[WHAT YOU WILL DO] Copy every line that holds the string "rotation" from the data below.
/---
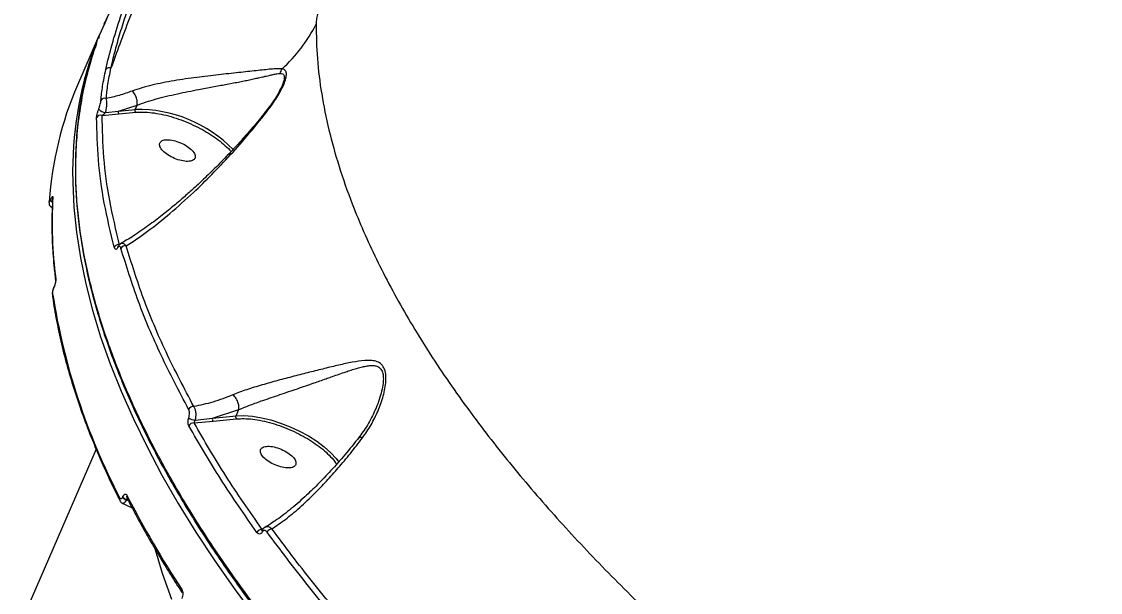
# Model space of a CAD drawing. Header units: millimetres. Extents: x -5873 to 5805, y -5301 to 4302.
# Drawn here: x -621.9 to -368.6, y 683 to 816.9 of the extents above; entities that cross this region are included whole.
import ezdxf

# ---------------------------------------------------------------- set-up
doc = ezdxf.new("R2010")
doc.units = ezdxf.units.MM
for name, color, linetype in [('DIKOM_ОБЪЕКТ', 7, 'Continuous'), ('DIKOM_РАЗМЕР_ЗОНА', 7, 'Continuous'), ('DIKOM_РАЗМЕР_ОБЪЕКТА', 7, 'Continuous')]:
    doc.layers.add(name, color=color, linetype=linetype)
doc.styles.add('style1', font='arial.ttf', dxfattribs={"width": 0.8})
doc.dimstyles.new('1-50', dxfattribs={"dimtxt": 300, "dimasz": 200, "dimexe": 100, "dimexo": 0, "dimgap": 100, "dimtad": 1, "dimtxsty": 'style1', "dimcen": 200, "dimclrd": 7, "dimclre": 7, "dimclrt": 7, "dimadec": 1, "dimazin": 2, "dimtfac": 1, "dimtmove": 0, "dimatfit": 2, "dimfxl": 0, "dimlwd": 25, "dimlwe": 18, "dimarcsym": 0})

# ---------------------------------------------------------------- blocks, each defined once
blk = doc.blocks.new('*D9')
at = {"layer": 'Defpoints', "color": 0, "transparency": 16777216}
for p in [(1338.11, 2802.44), (-4588.97, -1585.51), (-117.5, -1585.51)]:
    blk.add_point(p, dxfattribs=at)
at = {"layer": 'DIKOM_РАЗМЕР_ОБЪЕКТА', "color": 7, "lineweight": 18, "transparency": 16777216}
for p, q in [((1338.11, 2802.44), (-4688.97, 2802.44)), ((-117.5, -1585.51), (-4688.97, -1585.51))]:
    blk.add_line(p, q, dxfattribs=at)
at = {"layer": 'DIKOM_РАЗМЕР_ОБЪЕКТА', "color": 7, "lineweight": 25, "transparency": 16777216}
blk.add_line((-4588.97, 2602.44), (-4588.97, -1385.51), dxfattribs=at)
at = {"layer": 'DIKOM_РАЗМЕР_ОБЪЕКТА', "color": 7, "transparency": 16777216}
for points in [[(-4622.31, 2602.44), (-4555.64, 2602.44), (-4588.97, 2802.44)], [(-4622.31, -1385.51), (-4555.64, -1385.51), (-4588.97, -1585.51)]]:
    blk.add_solid(points, dxfattribs=at)
at = {"layer": 'DIKOM_РАЗМЕР_ОБЪЕКТА', "color": 7, "transparency": 16777216, "insert": (-4842.15, 460.98), "char_height": 300, "attachment_point": 5, "rotation": 90, "style": 'style1'}
blk.add_mtext('4400', dxfattribs=at)
blk = doc.blocks.new('*D10')
at = {"layer": 'Defpoints', "color": 0, "transparency": 16777216}
for p in [(4304.51, 1053.39), (-1538.59, -1332.39), (4304.51, -4224.84)]:
    blk.add_point(p, dxfattribs=at)
at = {"layer": 'DIKOM_РАЗМЕР_ОБЪЕКТА', "color": 7, "lineweight": 18, "transparency": 16777216}
for p, q in [((4304.51, 1053.39), (4304.51, -4324.84)), ((-1538.59, -1332.39), (-1538.59, -4324.84))]:
    blk.add_line(p, q, dxfattribs=at)
at = {"layer": 'DIKOM_РАЗМЕР_ОБЪЕКТА', "color": 7, "lineweight": 25, "transparency": 16777216}
blk.add_line((-1338.59, -4224.84), (4104.51, -4224.84), dxfattribs=at)
at = {"layer": 'DIKOM_РАЗМЕР_ОБЪЕКТА', "color": 7, "transparency": 16777216}
for points in [[(-1338.59, -4191.51), (-1338.59, -4258.18), (-1538.59, -4224.84)], [(4104.51, -4191.51), (4104.51, -4258.18), (4304.51, -4224.84)]]:
    blk.add_solid(points, dxfattribs=at)
at = {"layer": 'DIKOM_РАЗМЕР_ОБЪЕКТА', "color": 7, "transparency": 16777216, "insert": (1679.28, -3971.67), "char_height": 300, "attachment_point": 5, "style": 'style1'}
blk.add_mtext('5850', dxfattribs=at)
blk = doc.blocks.new('*D11')
at = {"layer": 'Defpoints', "color": 0, "transparency": 16777216}
for p in [(-510, 4302.44), (-5422.89, -3651.6), (284.83, -3651.6)]:
    blk.add_point(p, dxfattribs=at)
at = {"layer": 'DIKOM_РАЗМЕР_ЗОНА', "color": 7, "lineweight": 18, "transparency": 16777216}
for p, q in [((-510, 4302.44), (-5522.89, 4302.44)), ((284.83, -3651.6), (-5522.89, -3651.6))]:
    blk.add_line(p, q, dxfattribs=at)
at = {"layer": 'DIKOM_РАЗМЕР_ЗОНА', "color": 7, "lineweight": 25, "transparency": 16777216}
blk.add_line((-5422.89, 4102.44), (-5422.89, -3451.6), dxfattribs=at)
at = {"layer": 'DIKOM_РАЗМЕР_ЗОНА', "color": 7, "transparency": 16777216}
for points in [[(-5456.22, 4102.44), (-5389.56, 4102.44), (-5422.89, 4302.44)], [(-5456.22, -3451.6), (-5389.56, -3451.6), (-5422.89, -3651.6)]]:
    blk.add_solid(points, dxfattribs=at)
at = {"layer": 'DIKOM_РАЗМЕР_ЗОНА', "color": 7, "transparency": 16777216, "insert": (-5676.06, -474.49), "char_height": 300, "attachment_point": 5, "rotation": 90, "style": 'style1'}
blk.add_mtext('7950', dxfattribs=at)

msp = doc.modelspace()

# ---------------------------------------------------------------- linework, layer by layer
at = {"layer": 'DIKOM_ОБЪЕКТ', "color": 7, "linetype": 'Continuous', "lineweight": 15}
for p, q in [((-602.341, 816.855), (-602.53, 816.392)), ((-603.839, 813.395), (-608.766, 802.017)), ((-603.752, 813.54), (-604.064, 812.759)), ((-560.655, 802.016), (-560.804, 801.695)), ((-602.959, 794.869), (-599.005, 795.238)), ((-602.176, 795.59), (-599.134, 795.931)), ((-599.134, 795.931), (-594.743, 797.287)), ((-599.134, 795.931), (-595.161, 796.323)), ((-599.005, 795.238), (-595.032, 795.63)), ((-595.161, 796.323), (-594.743, 797.287)), ((-594.743, 797.287), (-594.742, 797.29)), ((-615.012, 775.143), (-615.032, 775.098)), ((-614.97, 773.431), (-614.664, 773.283)), ((-614.632, 752.708), (-614.636, 752.731)), ((-614.264, 754.509), (-614.292, 754.443)), ((-614.25, 754.624), (-614.278, 754.558)), ((-614.25, 754.624), (-614.245, 754.634)), ((-577.034, 723.84), (-570.862, 725.859)), ((-577.034, 723.84), (-571.5, 724.388)), ((-571.5, 724.388), (-570.862, 725.859)), ((-570.862, 725.859), (-570.861, 725.862)), ((-538.649, 726.256), (-538.875, 725.758)), ((-581.362, 722.733), (-576.906, 723.148)), ((-581.084, 723.397), (-577.034, 723.84)), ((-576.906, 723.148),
\---
[EXERCISE RESPONSE]
at = {"layer": 'DIKOM_РАЗМЕР_ОБЪЕКТА', "color": 7, "transparency": 16777216, "insert": (-4842.15, 460.98), "char_height": 300, "attachment_point": 5, "rotation": 90, "style": 'style1'}
at = {"layer": 'DIKOM_РАЗМЕР_ЗОНА', "color": 7, "transparency": 16777216, "insert": (-5676.06, -474.49), "char_height": 300, "attachment_point": 5, "rotation": 90, "style": 'style1'}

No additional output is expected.